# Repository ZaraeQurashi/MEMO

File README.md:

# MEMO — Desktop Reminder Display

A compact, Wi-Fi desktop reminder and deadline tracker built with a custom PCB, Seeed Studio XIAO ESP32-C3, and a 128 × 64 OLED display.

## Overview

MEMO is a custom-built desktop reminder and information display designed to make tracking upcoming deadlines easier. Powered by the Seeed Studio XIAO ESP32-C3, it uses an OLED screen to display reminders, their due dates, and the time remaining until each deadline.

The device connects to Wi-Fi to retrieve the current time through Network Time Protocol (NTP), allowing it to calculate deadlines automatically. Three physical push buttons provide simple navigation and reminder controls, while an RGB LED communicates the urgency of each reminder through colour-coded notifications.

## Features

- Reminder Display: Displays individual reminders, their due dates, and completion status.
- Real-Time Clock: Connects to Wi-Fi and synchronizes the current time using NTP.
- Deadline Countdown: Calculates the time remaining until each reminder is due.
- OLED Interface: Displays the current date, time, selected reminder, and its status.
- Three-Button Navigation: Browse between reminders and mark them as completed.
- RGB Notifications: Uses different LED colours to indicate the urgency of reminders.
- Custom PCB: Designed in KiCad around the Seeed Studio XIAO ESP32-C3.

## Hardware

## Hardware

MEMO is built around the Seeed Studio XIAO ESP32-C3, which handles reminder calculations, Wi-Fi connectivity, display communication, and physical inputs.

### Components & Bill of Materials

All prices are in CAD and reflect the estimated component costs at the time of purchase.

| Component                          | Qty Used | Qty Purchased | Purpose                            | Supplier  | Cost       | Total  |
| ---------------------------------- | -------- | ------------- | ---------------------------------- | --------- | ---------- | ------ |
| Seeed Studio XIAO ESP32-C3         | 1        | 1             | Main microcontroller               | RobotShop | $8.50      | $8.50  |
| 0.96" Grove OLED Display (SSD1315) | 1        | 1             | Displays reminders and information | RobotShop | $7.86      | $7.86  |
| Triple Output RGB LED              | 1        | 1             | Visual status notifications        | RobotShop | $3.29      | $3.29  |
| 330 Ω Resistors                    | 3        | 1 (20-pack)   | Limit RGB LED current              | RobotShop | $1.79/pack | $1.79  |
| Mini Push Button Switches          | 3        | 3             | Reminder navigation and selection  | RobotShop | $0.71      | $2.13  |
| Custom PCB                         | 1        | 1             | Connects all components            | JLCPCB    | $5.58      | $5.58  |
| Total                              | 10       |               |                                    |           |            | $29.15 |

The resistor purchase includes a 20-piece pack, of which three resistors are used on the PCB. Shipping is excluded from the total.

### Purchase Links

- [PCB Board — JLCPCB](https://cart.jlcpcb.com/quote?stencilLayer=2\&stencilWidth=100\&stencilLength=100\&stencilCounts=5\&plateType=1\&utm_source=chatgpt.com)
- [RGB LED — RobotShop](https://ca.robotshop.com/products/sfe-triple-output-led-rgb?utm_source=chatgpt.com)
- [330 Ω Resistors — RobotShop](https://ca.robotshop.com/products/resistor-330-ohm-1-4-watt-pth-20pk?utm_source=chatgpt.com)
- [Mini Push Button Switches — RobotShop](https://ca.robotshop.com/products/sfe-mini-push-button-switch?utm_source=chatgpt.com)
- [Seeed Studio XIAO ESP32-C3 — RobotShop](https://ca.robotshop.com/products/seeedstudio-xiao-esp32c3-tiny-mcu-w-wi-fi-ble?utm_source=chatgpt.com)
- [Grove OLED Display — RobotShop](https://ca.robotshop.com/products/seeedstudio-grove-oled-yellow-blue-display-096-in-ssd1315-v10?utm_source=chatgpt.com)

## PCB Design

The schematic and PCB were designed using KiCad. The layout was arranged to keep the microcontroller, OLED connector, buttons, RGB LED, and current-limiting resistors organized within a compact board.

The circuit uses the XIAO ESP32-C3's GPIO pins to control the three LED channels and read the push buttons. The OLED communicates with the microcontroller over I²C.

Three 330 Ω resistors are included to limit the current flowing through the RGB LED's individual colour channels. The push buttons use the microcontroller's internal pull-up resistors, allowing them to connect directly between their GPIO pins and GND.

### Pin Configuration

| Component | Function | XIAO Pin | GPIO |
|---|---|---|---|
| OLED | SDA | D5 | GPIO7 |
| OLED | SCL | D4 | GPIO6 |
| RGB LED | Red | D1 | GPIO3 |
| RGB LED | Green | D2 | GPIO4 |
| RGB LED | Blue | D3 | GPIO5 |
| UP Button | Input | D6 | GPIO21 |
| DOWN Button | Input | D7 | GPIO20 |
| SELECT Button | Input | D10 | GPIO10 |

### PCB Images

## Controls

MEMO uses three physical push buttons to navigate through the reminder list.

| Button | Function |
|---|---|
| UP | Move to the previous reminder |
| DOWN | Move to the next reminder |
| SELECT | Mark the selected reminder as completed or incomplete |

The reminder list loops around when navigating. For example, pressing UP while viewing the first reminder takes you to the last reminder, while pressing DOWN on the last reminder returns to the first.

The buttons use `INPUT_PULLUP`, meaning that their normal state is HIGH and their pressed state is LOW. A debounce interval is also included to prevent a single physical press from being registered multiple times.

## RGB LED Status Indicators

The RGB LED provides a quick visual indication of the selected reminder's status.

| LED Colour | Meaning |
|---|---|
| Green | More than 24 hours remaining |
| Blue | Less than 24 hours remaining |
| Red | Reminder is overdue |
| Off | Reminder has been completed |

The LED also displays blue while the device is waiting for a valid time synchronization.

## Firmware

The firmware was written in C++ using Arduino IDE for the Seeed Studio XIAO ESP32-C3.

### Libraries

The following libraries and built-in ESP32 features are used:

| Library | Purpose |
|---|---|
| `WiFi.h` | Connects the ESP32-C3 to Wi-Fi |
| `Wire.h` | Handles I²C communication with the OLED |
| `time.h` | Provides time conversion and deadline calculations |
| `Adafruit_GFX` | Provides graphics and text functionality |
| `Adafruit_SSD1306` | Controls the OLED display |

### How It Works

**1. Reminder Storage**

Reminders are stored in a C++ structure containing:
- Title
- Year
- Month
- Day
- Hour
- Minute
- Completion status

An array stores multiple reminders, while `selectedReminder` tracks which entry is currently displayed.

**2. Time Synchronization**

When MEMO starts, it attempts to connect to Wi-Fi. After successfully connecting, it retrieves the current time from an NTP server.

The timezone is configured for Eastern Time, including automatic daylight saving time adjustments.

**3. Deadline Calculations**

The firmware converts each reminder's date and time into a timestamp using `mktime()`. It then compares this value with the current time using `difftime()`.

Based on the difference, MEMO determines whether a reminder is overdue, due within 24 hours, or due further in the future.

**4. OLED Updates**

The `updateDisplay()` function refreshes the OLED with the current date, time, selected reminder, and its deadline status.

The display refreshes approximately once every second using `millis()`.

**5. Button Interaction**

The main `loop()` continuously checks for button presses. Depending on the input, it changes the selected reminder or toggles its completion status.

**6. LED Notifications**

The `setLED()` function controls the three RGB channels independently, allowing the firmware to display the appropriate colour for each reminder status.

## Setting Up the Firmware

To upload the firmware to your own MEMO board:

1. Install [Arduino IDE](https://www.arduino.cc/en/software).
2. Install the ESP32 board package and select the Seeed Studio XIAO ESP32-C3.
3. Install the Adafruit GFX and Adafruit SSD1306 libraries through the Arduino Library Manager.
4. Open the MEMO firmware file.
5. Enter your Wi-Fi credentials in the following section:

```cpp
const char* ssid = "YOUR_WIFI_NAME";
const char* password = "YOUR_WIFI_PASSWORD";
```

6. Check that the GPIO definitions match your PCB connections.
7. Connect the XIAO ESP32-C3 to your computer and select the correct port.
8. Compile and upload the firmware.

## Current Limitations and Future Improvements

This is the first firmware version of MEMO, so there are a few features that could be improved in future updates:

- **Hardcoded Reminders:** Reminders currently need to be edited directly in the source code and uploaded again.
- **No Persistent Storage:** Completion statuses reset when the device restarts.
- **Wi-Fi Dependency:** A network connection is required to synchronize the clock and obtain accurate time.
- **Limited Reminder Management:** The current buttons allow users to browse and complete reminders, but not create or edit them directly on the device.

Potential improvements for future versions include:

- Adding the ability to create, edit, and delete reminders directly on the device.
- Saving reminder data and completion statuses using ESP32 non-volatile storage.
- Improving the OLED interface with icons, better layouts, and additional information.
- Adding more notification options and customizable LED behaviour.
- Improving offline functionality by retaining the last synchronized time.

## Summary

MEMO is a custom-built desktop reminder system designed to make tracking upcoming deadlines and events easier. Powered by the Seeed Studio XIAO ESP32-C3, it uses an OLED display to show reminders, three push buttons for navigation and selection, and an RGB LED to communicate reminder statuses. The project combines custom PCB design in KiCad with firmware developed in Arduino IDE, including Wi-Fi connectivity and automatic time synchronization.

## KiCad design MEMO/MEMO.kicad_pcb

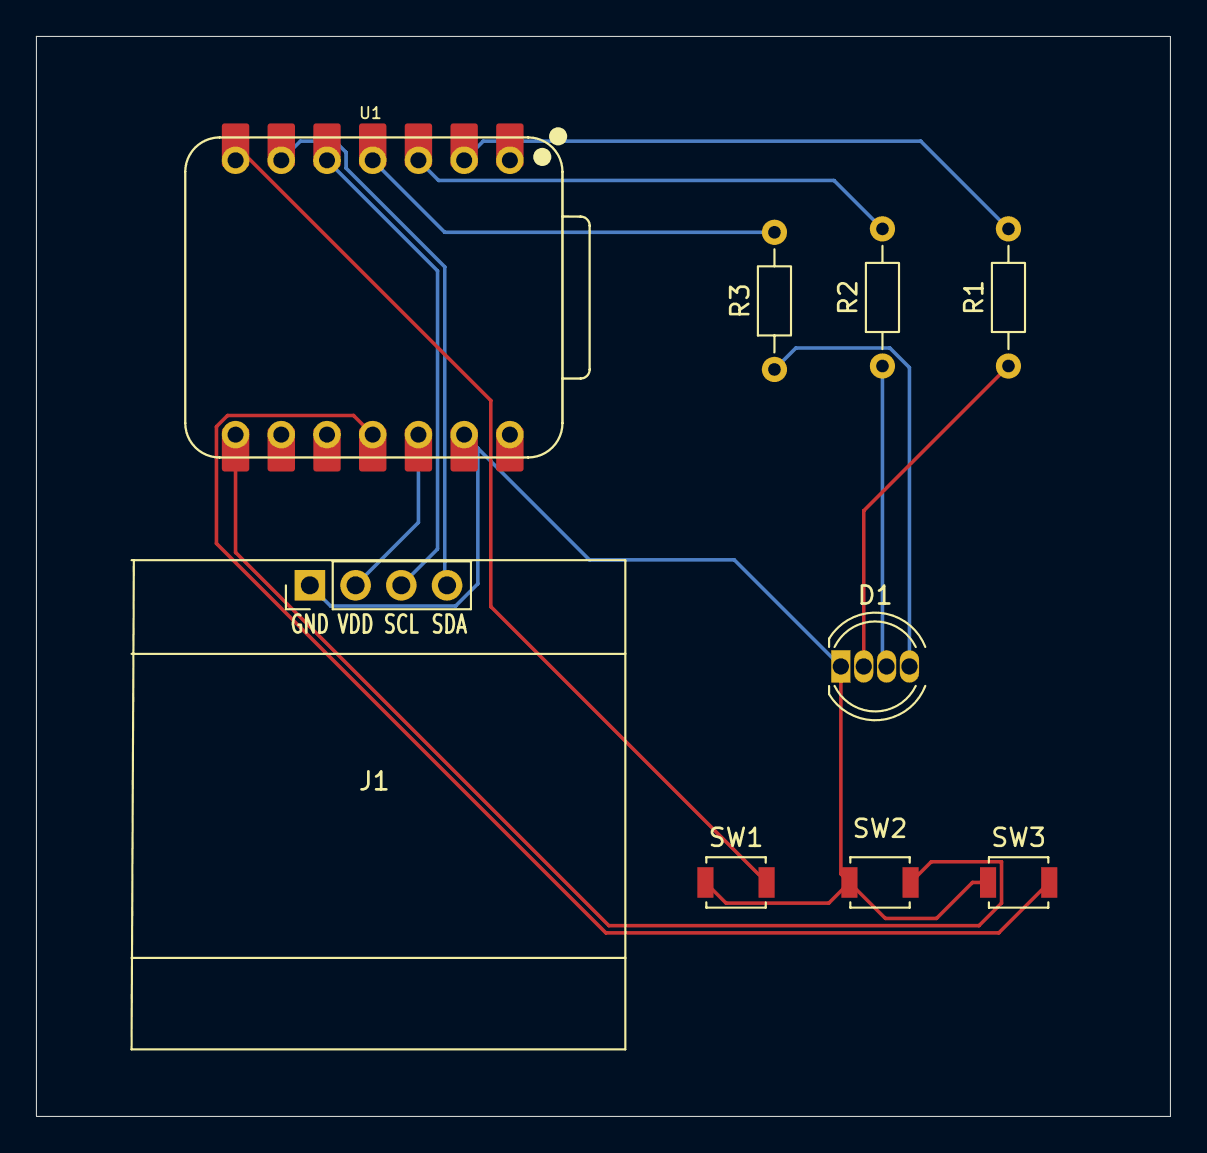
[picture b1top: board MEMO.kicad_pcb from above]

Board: 2 copper layers, 63.0 x 60.0 mm, 9 parts (0 on the bottom side), 13 nets.

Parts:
D1: LED_ARGB; LED_D5.0mm-4_RGB
J1: Conn_01x04_Pin; Display_128x64_096_I2C
R1, R2, R3: 330; R_Axial_DIN0204_L3.6mm_D1.6mm_P7.62mm_Horizontal
SW1, SW2, SW3: SW_Push; SW_SPST_B3U-1000P
U1: XIAO-ESP32-C3-SMD; XIAO-ESP32-C6-DIP

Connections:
+3.3V: J1.2, U1.12 (3V3_OUT)
/BLUE: R3.2, U1.4 (D3)
/DOWN: SW2.2, U1.8 (D7)
/GREEN: R2.2, U1.3 (D2)
/RED: R1.2, U1.2 (D1)
/SCL: J1.3, U1.5 (D4)
/SDA: J1.4, U1.6 (D5)
/SELECT: SW3.2, U1.11 (D10)
/UP: SW1.2, U1.7 (D6)
GND: D1.1 (A), J1.1, SW1.1, SW2.1, SW3.1, U1.13 (GND)
unnamed: D1.4 (BK), R3.1
unnamed: D1.3 (GK), R2.1
unnamed: D1.2 (RK), R1.1
◆ ◆ ◆ ◆ ◆
▶ [WHAT THE TASK ASKS] Every line above that contains "which" counts once. Give the number of those lines and nothing more.

▶ [ANSWER SPACE] 3